Besides, how much can you really complain? You're listening for free.

Cornell, also a freelance music writer, says being online has not affected technical aspects or the music he chooses for his show.

"I still plan the show at home ahead of time, put the 30 to 35 discs for the show in a shoebox, show up at the station at 7:55, and enjoy 2 hours of music of my choosing - and 2 beers, also of my choosing," he says.

From 8 to 9 p.m. on "Border Radio," Cornell plays a large mix of national roots artists such as Rosanne Cash, Peter Case and The Silos along with local/North Carolina artists including Kenny Roby, David Childers and the Modern Don Juans and Tres Chicas. During the second hour, Cornell hosts "Soul City, NC," focusing on '60s and '70s soul music.

Other shows of a roots or country slant on WXDU include the "Bull City Cosmic Hoedown" (6-8 p.m. Tuesdays) and "A Broken Heart and a Glass of Beer" (8-10 a.m. Sundays).

Doug Gesler has hosted "Lost Highway" on MIT's WMBR (wmbr.mit.edu) since 1998. He says he expanded the focus of the show when it moved from Thursday to Saturday mornings (8 to 10 a.m.
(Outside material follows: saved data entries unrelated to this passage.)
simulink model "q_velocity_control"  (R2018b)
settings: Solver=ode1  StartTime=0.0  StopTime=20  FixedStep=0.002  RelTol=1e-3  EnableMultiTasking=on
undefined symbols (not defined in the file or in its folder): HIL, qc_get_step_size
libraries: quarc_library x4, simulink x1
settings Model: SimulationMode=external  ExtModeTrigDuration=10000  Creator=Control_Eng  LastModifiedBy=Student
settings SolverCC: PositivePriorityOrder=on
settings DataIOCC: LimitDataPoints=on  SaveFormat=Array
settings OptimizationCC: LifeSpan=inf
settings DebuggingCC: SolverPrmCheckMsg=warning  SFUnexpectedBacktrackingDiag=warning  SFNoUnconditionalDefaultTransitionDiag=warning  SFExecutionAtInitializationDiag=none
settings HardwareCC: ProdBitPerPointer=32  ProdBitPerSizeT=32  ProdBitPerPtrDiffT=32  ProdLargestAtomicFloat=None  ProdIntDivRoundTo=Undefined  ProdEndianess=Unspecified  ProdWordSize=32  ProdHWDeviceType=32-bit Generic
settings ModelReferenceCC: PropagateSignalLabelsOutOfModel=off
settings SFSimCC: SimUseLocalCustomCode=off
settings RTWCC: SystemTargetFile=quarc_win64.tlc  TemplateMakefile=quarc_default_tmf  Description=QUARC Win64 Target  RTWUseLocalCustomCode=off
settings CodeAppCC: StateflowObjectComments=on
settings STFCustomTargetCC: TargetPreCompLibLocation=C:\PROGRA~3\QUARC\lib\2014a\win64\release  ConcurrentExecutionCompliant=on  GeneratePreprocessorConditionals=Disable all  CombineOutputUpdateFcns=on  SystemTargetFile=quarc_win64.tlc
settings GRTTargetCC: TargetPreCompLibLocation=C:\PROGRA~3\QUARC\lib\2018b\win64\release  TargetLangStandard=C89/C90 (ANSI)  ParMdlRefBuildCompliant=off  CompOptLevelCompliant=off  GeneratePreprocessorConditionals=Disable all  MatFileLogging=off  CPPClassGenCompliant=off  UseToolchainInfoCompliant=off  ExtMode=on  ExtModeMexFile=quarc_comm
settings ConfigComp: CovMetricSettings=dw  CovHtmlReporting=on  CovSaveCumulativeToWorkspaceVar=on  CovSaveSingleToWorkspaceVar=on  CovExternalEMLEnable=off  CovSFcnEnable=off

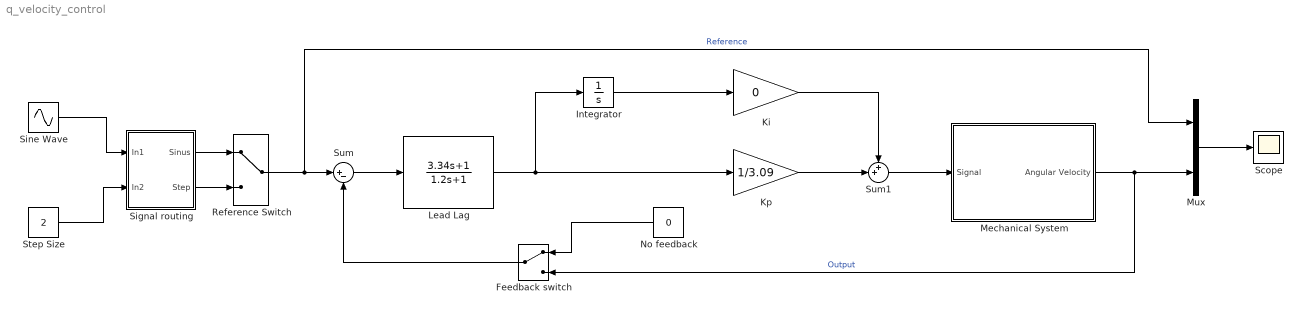
== system q_velocity_control ==
  Feedback switch : ManualSwitch
  Integrator : Integrator
  Ki : Gain  Gain=0
  Kp : Gain  Gain=1/3.09
  Lead Lag : TransferFcn  Numerator=[3.34, 1]  Denominator=[1.2, 1]
  Mechanical System : Subsystem
  Mux : Mux  Inputs=2
  No feedback : Constant  Value=0
  Reference Switch : ManualSwitch
  Scope : Scope
  Signal routing : Subsystem
  Sine Wave : Sin  Amplitude=0.5  Bias=2  Phase=-2*1  SampleTime=0
  Step Size : Constant  Value=2
  Sum : Sum  Inputs=|+-
  Sum1 : Sum  Inputs=++|
  wires:
  Sum/1 -> Lead Lag/1
  Integrator/1 -> Ki/1
  Ki/1 -> Sum1/1
  Reference Switch/1 -> Mux/1, Sum/1  "Reference"
  Mux/1 -> Scope/1
  Kp/1 -> Sum1/2
  Lead Lag/1 -> Kp/1, Integrator/1
  Sum1/1 -> Mechanical System/1(Signal)
  Feedback switch/1 -> Sum/2
  Mechanical System/1(Angular Velocity) -> Feedback switch/2, Mux/2  "Output"
  No feedback/1 -> Feedback switch/1
  Sine Wave/1 -> Signal routing/1(In1)
  Step Size/1 -> Signal routing/2(In2)
  Signal routing/1(Sinus) -> Reference Switch/1
  Signal routing/2(Step) -> Reference Switch/2

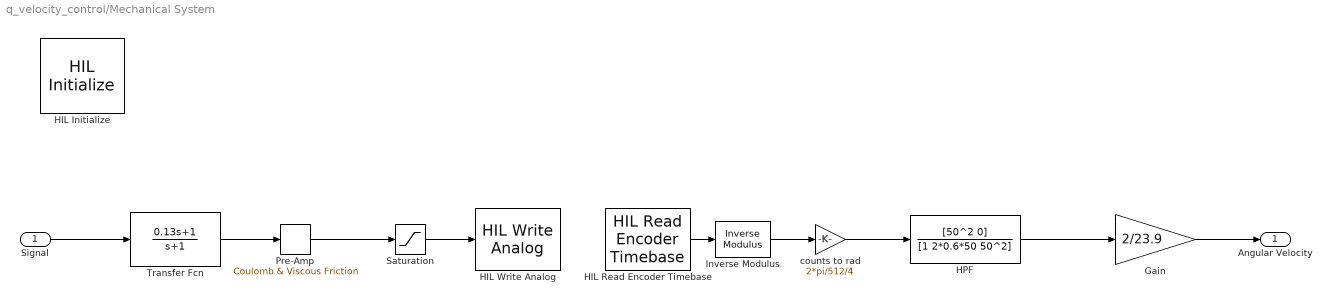
== system q_velocity_control/Mechanical System ==
  Signal : Inport
  Gain : Gain  Gain=2/23.9
  HIL Initialize : quarc_library/Data Acquisition/Generic/Configuration/HIL Initialize  Priority=-99  object_name=HIL-1  board_type=qube_servo_usb  board_number=0  board_options=d0=pwm;d1=pwm;led=auto;update_rate=normal;decimation=1  exclusive=off  active=off  hardware_clocks=[0]  clock_modes=[]  initial_clock_frequencies=[]  set_clock_params_at_start=off  set_clock_params_at_switch_in=off  set_clock_frequencies_at_start=off  set_clock_frequencies_at_switch_in=off  analog_input_channels=[]  analog_input_configurations=[]  analog_input_maximums=[]  analog_input_minimums=[]  set_analog_input_params_at_start=off  set_analog_input_params_at_switch_in=off  analog_output_channels=[0:1]  analog_output_maximums=10  analog_output_minimums=-10  initial_analog_outputs=[0]  final_analog_outputs=[0]  watchdog_analog_outputs=0  set_analog_output_params_at_start=on  set_analog_output_params_at_switch_in=off  set_analog_outputs_at_start=on  set_analog_outputs_at_switch_in=off  set_analog_outputs_at_terminate=on  set_analog_outputs_at_switch_out=off  set_analog_outputs_on_watchdog=off  digital_input_channels=[]  digital_output_channels=[]  digital_output_configuration=[]  initial_digital_outputs=[]  final_digital_outputs=[]  watchdog_digital_outputs=[]  set_digital_output_params_at_start=off  set_digital_output_params_at_switch_in=off  set_digital_outputs_at_start=off  set_digital_outputs_at_switch_in=off  set_digital_outputs_at_terminate=off  set_digital_outputs_at_switch_out=off  set_digital_outputs_on_watchdog=off  encoder_channels=[0:1]  quadrature=[4]  encoder_filter_frequency=[]  initial_encoder_counts=[0]  set_encoder_params_at_start=on  set_encoder_params_at_switch_in=off  set_encoder_counts_at_start=on  set_encoder_counts_at_switch_in=off  pwm_channels=[]  pwm_modes=[]  pwm_frequency=[]  pwm_configuration=[]  pwm_alignment=[]  pwm_polarity=[]  pwm_leading_deadband=[]  pwm_trailing_deadband=[]  initial_pwm_outputs=[]  final_pwm_outputs=[]  watchdog_pwm_outputs=[]  set_pwm_params_at_start=off  set_pwm_params_at_switch_in=off  set_pwm_outputs_at_start=off  set_pwm_outputs_at_switch_in=off  set_pwm_outputs_at_terminate=off  set_pwm_outputs_at_switch_out=off  set_pwm_outputs_on_watchdog=off  other_output_channels=[]  initial_other_outputs=[]  final_other_outputs=[]  watchdog_other_outputs=[]  set_other_outputs_at_start=off  set_other_outputs_at_switch_in=off  set_other_outputs_at_terminate=off  set_other_outputs_at_switch_out=off  set_other_outputs_on_watchdog=off
  HIL Read Encoder Timebase : quarc_library/Data Acquisition/Generic/Timebases/HIL Read Encoder Timebase  object_name=HIL-1  clock=0  channels=0  samples_in_buffer=max(ceil(1/qc_get_step_size), 1)  active=on  vector_output=off  data_type_mode=Inherit via back propagation  data_type=double
  HIL Write Analog : quarc_library/Data Acquisition/Generic/Immediate I//O/HIL Write Analog  object_name=HIL-1  channels=[0]  sample_time=-1  active=off  vector_input=off
  HPF : TransferFcn  Numerator=[50^2 0]  Denominator=[1 2*0.6*50 50^2]
  Inverse Modulus : quarc_library/Discontinuities/Inverse Modulus  modulus=2^16  output_derivative=off  output_revolutions=off  max_x=Inf  min_x=-Inf
  Pre-Amp : simulink/Discontinuities/Coulomb & Viscous Friction  offset=pre_amp  gain=1
      settings: SourceProductName=Simulink
  Saturation : Saturate  UpperLimit=10  LowerLimit=-10
  Transfer Fcn : TransferFcn  Numerator=[0.13 1]  Denominator=[1 1]
  counts to rad : Gain  Gain=2*pi/512/4
  Angular Velocity : Outport
  wires:
  HIL Read Encoder Timebase/1 -> Inverse Modulus/1
  Signal/1 -> Transfer Fcn/1
  Gain/1 -> Angular Velocity/1
  Transfer Fcn/1 -> Pre-Amp/1
  Inverse Modulus/1 -> counts to rad/1
  Saturation/1 -> HIL Write Analog/1
  Pre-Amp/1 -> Saturation/1
  counts to rad/1 -> HPF/1
  HPF/1 -> Gain/1

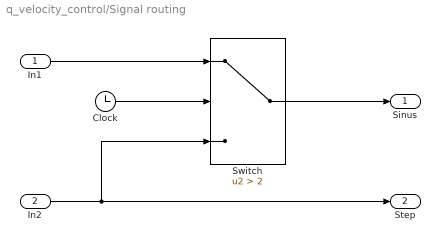
== system q_velocity_control/Signal routing ==
  In1 : Inport
  In2 : Inport  Port=2
  Clock : Clock
  Switch : Switch  Criteria=u2 > Threshold  Threshold=2
  Sinus : Outport
  Step : Outport  Port=2
  wires:
  Clock/1 -> Switch/2
  In2/1 -> Step/1, Switch/3
  In1/1 -> Switch/1
  Switch/1 -> Sinus/1

EST), where it competes against what Gesler calls the "mothership of local country radio," "Hillbilly at Harvard" (WHRB, whrb.org).

"With that in mind, I began to let the show evolve and expand into areas that I knew they didn't cover as much or at all, like Cajun, zydeco, Tex-Mex - with an accent on the Mex - blues, polka and Hawaiian," Gesler says. "I've always covered the entire history of the music I consider American roots, though exclusive of jazz, from the '20s on up, though that usually happens in the first hour, with the second hour of the show concentrating on newer releases."

Gesler makes the show as international as possible, playing artists from England, the Netherlands, Germany and Mexico. He does an all-Hawaiian show once a year and a set of Hawaiian music in the first hour of the first Saturday each month.

While he doesn't have a lot of time for online exploration, Gesler, a woodworker, loves the idea of radio on the web. He compares it to the "Wizard of Oz."

"For anybody who loves to explore music, discovering online offerings would be like that moment in Oz when Dorothy opens the door of her house after it's crash landed, and everything goes from black and white to color," he says. "While commercial radio gets increasingly shunted into smaller boxes of seemingly smaller preordained playlists, the new listening frontiers are in satellite radio and online. But the most freedom is afforded online."

WMBR has several other roots-oriented shows including two that follow "Lost Highway" on Saturdays: "Backwoods" (10 a.m.-noon) and "American Primitive" (noon-2 p.m.).

Jon Ziegler is the man behind "Jonny Z's Chicken Shack" Fridays from 9 a.m. to noon (CST) on the Milwaukee School of Engineering's WMSE (wmse.org). His show can be streamed or downloaded.

Ziegler, who also serves as lead singer of the R&B/rockabilly band the Uptown Savages, says he hears from listeners from all over.